◆ Task description ◆
The records that follow are to be given again exactly.
== Extracted records
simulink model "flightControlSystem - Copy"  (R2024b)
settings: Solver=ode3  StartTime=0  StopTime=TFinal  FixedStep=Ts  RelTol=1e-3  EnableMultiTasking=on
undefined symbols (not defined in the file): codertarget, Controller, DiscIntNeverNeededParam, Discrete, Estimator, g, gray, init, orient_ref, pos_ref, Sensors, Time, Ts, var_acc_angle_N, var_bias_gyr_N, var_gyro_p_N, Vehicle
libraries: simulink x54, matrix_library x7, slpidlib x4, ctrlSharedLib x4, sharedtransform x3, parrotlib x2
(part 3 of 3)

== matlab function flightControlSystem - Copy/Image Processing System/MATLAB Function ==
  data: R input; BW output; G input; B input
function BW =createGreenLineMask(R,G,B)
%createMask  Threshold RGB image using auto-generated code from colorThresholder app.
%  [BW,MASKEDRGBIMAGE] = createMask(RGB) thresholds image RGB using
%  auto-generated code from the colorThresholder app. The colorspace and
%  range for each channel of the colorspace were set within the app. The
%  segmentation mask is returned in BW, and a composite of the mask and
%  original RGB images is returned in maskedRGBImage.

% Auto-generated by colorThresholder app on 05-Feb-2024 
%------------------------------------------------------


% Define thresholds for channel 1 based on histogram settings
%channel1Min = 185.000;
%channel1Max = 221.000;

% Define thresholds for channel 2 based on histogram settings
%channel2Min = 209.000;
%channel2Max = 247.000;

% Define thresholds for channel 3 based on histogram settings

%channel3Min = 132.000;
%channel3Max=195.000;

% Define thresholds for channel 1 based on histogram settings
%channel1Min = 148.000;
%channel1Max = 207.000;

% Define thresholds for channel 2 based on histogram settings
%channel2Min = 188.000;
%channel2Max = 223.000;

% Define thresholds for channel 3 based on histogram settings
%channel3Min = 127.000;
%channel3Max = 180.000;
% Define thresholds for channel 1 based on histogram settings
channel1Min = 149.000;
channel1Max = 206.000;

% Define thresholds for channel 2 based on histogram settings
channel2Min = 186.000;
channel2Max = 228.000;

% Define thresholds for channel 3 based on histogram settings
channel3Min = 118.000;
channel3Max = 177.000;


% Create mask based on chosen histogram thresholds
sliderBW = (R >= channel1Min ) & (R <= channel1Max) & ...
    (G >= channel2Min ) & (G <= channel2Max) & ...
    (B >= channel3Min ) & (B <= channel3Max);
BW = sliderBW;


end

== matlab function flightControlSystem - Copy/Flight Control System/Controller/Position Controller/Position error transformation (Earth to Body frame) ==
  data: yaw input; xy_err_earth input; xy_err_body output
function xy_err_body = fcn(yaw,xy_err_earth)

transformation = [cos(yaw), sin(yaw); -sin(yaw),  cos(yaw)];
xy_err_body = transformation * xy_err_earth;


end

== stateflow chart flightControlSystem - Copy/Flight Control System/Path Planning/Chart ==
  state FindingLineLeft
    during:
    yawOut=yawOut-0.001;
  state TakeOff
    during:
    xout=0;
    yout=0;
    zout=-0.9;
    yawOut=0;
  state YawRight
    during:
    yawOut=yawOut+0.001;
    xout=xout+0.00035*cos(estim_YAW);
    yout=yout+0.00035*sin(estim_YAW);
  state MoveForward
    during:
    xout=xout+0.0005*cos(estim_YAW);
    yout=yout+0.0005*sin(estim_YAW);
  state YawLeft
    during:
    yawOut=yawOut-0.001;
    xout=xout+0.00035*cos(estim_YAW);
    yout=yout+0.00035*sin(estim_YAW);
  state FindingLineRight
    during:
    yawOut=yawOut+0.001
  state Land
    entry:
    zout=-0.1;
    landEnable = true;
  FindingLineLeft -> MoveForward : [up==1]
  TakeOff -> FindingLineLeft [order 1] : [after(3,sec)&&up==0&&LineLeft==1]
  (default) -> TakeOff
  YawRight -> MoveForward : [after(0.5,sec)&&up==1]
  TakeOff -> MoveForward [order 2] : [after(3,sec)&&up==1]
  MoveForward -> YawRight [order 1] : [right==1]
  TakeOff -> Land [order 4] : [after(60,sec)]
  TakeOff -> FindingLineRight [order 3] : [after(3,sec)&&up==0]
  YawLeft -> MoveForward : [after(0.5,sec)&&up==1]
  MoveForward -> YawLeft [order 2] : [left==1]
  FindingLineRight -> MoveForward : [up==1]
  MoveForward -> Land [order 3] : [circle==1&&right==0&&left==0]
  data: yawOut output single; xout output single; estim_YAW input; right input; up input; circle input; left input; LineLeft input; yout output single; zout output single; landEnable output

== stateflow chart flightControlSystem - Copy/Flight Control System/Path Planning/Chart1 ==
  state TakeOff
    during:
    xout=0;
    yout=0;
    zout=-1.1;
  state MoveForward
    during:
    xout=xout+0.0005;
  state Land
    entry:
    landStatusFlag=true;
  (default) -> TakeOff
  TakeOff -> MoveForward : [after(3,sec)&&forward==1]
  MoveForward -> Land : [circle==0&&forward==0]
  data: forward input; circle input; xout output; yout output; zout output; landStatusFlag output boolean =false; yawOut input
====
◆ Response area ◆
simulink model "flightControlSystem - Copy"  (R2024b)
settings: Solver=ode3  StartTime=0  StopTime=TFinal  FixedStep=Ts  RelTol=1e-3  EnableMultiTasking=on
undefined symbols (not defined in the file): codertarget, Controller, DiscIntNeverNeededParam, Discrete, Estimator, g, gray, init, orient_ref, pos_ref, Sensors, Time, Ts, var_acc_angle_N, var_bias_gyr_N, var_gyro_p_N, Vehicle
libraries: simulink x54, matrix_library x7, slpidlib x4, ctrlSharedLib x4, sharedtransform x3, parrotlib x2
(part 3 of 3)

== matlab function flightControlSystem - Copy/Image Processing System/MATLAB Function ==
  data: R input; BW output; G input; B input
function BW =createGreenLineMask(R,G,B)
%createMask  Threshold RGB image using auto-generated code from colorThresholder app.
%  [BW,MASKEDRGBIMAGE] = createMask(RGB) thresholds image RGB using
%  auto-generated code from the colorThresholder app. The colorspace and
%  range for each channel of the colorspace were set within the app. The
%  segmentation mask is returned in BW, and a composite of the mask and
%  original RGB images is returned in maskedRGBImage.

% Auto-generated by colorThresholder app on 05-Feb-2024 
%------------------------------------------------------


% Define thresholds for channel 1 based on histogram settings
%channel1Min = 185.000;
%channel1Max = 221.000;

% Define thresholds for channel 2 based on histogram settings
%channel2Min = 209.000;
%channel2Max = 247.000;

% Define thresholds for channel 3 based on histogram settings

%channel3Min = 132.000;
%channel3Max=195.000;

% Define thresholds for channel 1 based on histogram settings
%channel1Min = 148.000;
%channel1Max = 207.000;

% Define thresholds for channel 2 based on histogram settings
%channel2Min = 188.000;
%channel2Max = 223.000;

% Define thresholds for channel 3 based on histogram settings
%channel3Min = 127.000;
%channel3Max = 180.000;
% Define thresholds for channel 1 based on histogram settings
channel1Min = 149.000;
channel1Max = 206.000;

% Define thresholds for channel 2 based on histogram settings
channel2Min = 186.000;
channel2Max = 228.000;

% Define thresholds for channel 3 based on histogram settings
channel3Min = 118.000;
channel3Max = 177.000;


% Create mask based on chosen histogram thresholds
sliderBW = (R >= channel1Min ) & (R <= channel1Max) & ...
    (G >= channel2Min ) & (G <= channel2Max) & ...
    (B >= channel3Min ) & (B <= channel3Max);
BW = sliderBW;


end

== matlab function flightControlSystem - Copy/Flight Control System/Controller/Position Controller/Position error transformation (Earth to Body frame) ==
  data: yaw input; xy_err_earth input; xy_err_body output
function xy_err_body = fcn(yaw,xy_err_earth)

transformation = [cos(yaw), sin(yaw); -sin(yaw),  cos(yaw)];
xy_err_body = transformation * xy_err_earth;


end

== stateflow chart flightControlSystem - Copy/Flight Control System/Path Planning/Chart ==
  state FindingLineLeft
    during:
    yawOut=yawOut-0.001;
  state TakeOff
    during:
    xout=0;
    yout=0;
    zout=-0.9;
    yawOut=0;
  state YawRight
    during:
    yawOut=yawOut+0.001;
    xout=xout+0.00035*cos(estim_YAW);
    yout=yout+0.00035*sin(estim_YAW);
  state MoveForward
    during:
    xout=xout+0.0005*cos(estim_YAW);
    yout=yout+0.0005*sin(estim_YAW);
  state YawLeft
    during:
    yawOut=yawOut-0.001;
    xout=xout+0.00035*cos(estim_YAW);
    yout=yout+0.00035*sin(estim_YAW);
  state FindingLineRight
    during:
    yawOut=yawOut+0.001
  state Land
    entry:
    zout=-0.1;
    landEnable = true;
  FindingLineLeft -> MoveForward : [up==1]
  TakeOff -> FindingLineLeft [order 1] : [after(3,sec)&&up==0&&LineLeft==1]
  (default) -> TakeOff
  YawRight -> MoveForward : [after(0.5,sec)&&up==1]
  TakeOff -> MoveForward [order 2] : [after(3,sec)&&up==1]
  MoveForward -> YawRight [order 1] : [right==1]
  TakeOff -> Land [order 4] : [after(60,sec)]
  TakeOff -> FindingLineRight [order 3] : [after(3,sec)&&up==0]
  YawLeft -> MoveForward : [after(0.5,sec)&&up==1]
  MoveForward -> YawLeft [order 2] : [left==1]
  FindingLineRight -> MoveForward : [up==1]
  MoveForward -> Land [order 3] : [circle==1&&right==0&&left==0]
  data: yawOut output single; xout output single; estim_YAW input; right input; up input; circle input; left input; LineLeft input; yout output single; zout output single; landEnable output

== stateflow chart flightControlSystem - Copy/Flight Control System/Path Planning/Chart1 ==
  state TakeOff
    during:
    xout=0;
    yout=0;
    zout=-1.1;
  state MoveForward
    during:
    xout=xout+0.0005;
  state Land
    entry:
    landStatusFlag=true;
  (default) -> TakeOff
  TakeOff -> MoveForward : [after(3,sec)&&forward==1]
  MoveForward -> Land : [circle==0&&forward==0]
  data: forward input; circle input; xout output; yout output; zout output; landStatusFlag output boolean =false; yawOut input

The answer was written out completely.